Fine-tune Llama 2 on Your Computer with QLoRa and TRL
On Guanaco and with the correct padding
Llama 2 is a state-of-the-art large language model (LLM) released by Meta.
In the paper presenting the model, Llama 2 demonstrates impressive capabilities on public benchmarks for various natural language generation and coding tasks.
Meta also released Chat versions of Llama 2. These chat models can be used as chatbots. They mimic OpenAI’s ChatGPT capabilities and can solve many problems with the right prompts.
Both versions of Llama 2 are currently available in different sizes: 7B, 13B, and 70B parameters.
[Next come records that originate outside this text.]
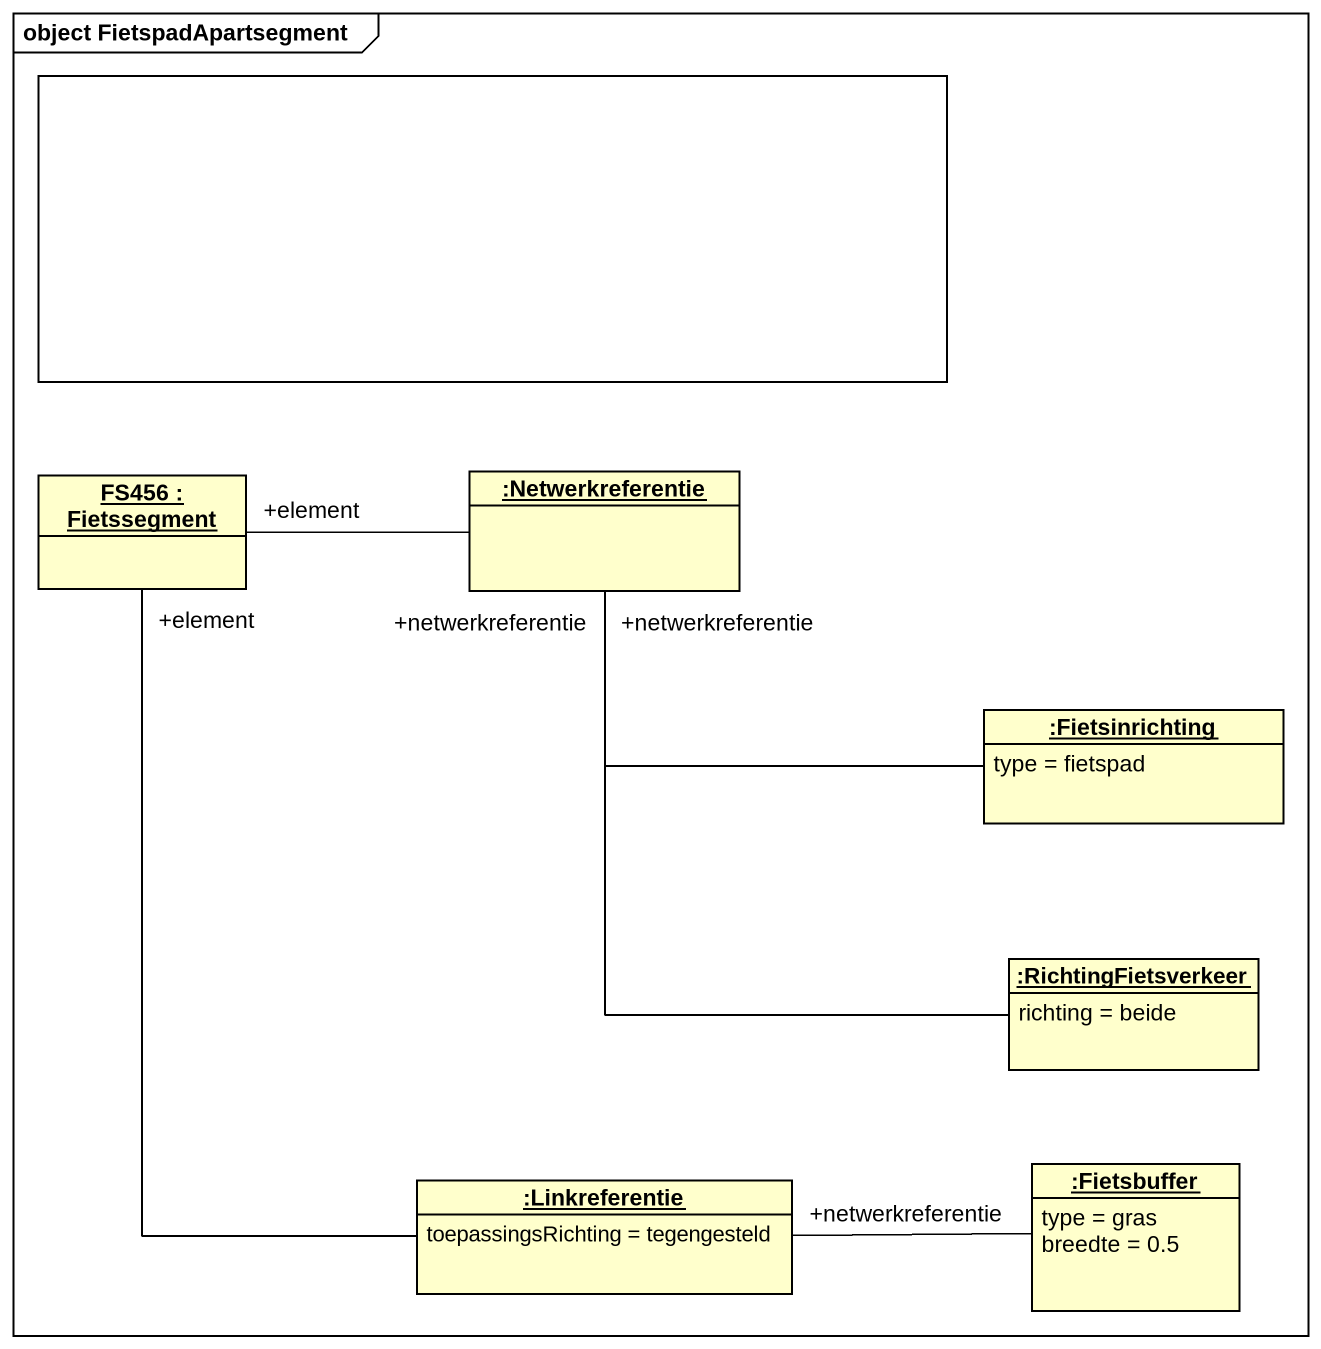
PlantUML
@startuml
mainframe object FietspadApartsegment
allowmixing
hide circle
hide empty members
rectangle " " as rectangle1
object "FS456 : Fietssegment" as FS456
object ":Netwerkreferentie" as Netwerkreferentie
object ":Fietsinrichting" as Fietsinrichting {
  type = fietspad
}
object ":RichtingFietsverkeer" as RichtingFietsverkeer {
  richting = beide
}
object ":Linkreferentie" as Linkreferentie {
  toepassingsRichting = tegengesteld
}
object ":Fietsbuffer" as Fietsbuffer {
  type = gras
  breedte = 0.5
}
FS456 "+element" -right- Netwerkreferentie
Netwerkreferentie "+netwerkreferentie" -right- Fietsinrichting
Netwerkreferentie "+netwerkreferentie" -- RichtingFietsverkeer
Linkreferentie -up- "+element" FS456
Fietsbuffer -left- "+netwerkreferentie" Linkreferentie
@enduml

Note: A 34B parameter version is presented in the paper but has not been released yet.
The 7B and 13B models are especially interesting if you want to run Llama 2 on your computer. With recent advances in quantization, using GPTQ or QLoRa, you can fine-tune and run these models on consumer hardware.
I have written about Llama 2 and GPTQ here:
In this article, I go through all the steps to fine-tune Llama 2 with QLoRa on instruction datasets. I use Hugging Face’s TRL library which simplifies LLM fine-tuning with instruction datasets. After implementing this article, you will have your own Llama 2 chat model running on your computer.
Note: Llama 2 is distributed with a license allowing commercial use. However, note that you cannot use Llama 2 for improving another LLM that is not Llama 2 as explicitly stated in the license. I wrote about this limit of the license in this other article:
How to get Llama 2?
Note: If you already have access to Llama 2 on Hugging Face, you may skip this part.
You must register to get it from Meta. The form to get it is there. You should receive an email from Meta within one hour.
Then, since I’ll use Hugging Face Hub, you will also need to create a Hugging Face account. The email address you used to create this account must be the same email that you used to get the Llama 2 weights.
Then, go to a Llama 2 model card, and follow the instructions (you should be logged in to your account and you will see a checkbox to check and a button to click at the top of the model card). This step takes more time, but you should get access to Llama 2 on the Hugging Face hub within 1 day.
You will also need to create an access token from your Hugging Face account. Go to “settings” in your Hugging Face account and generate one.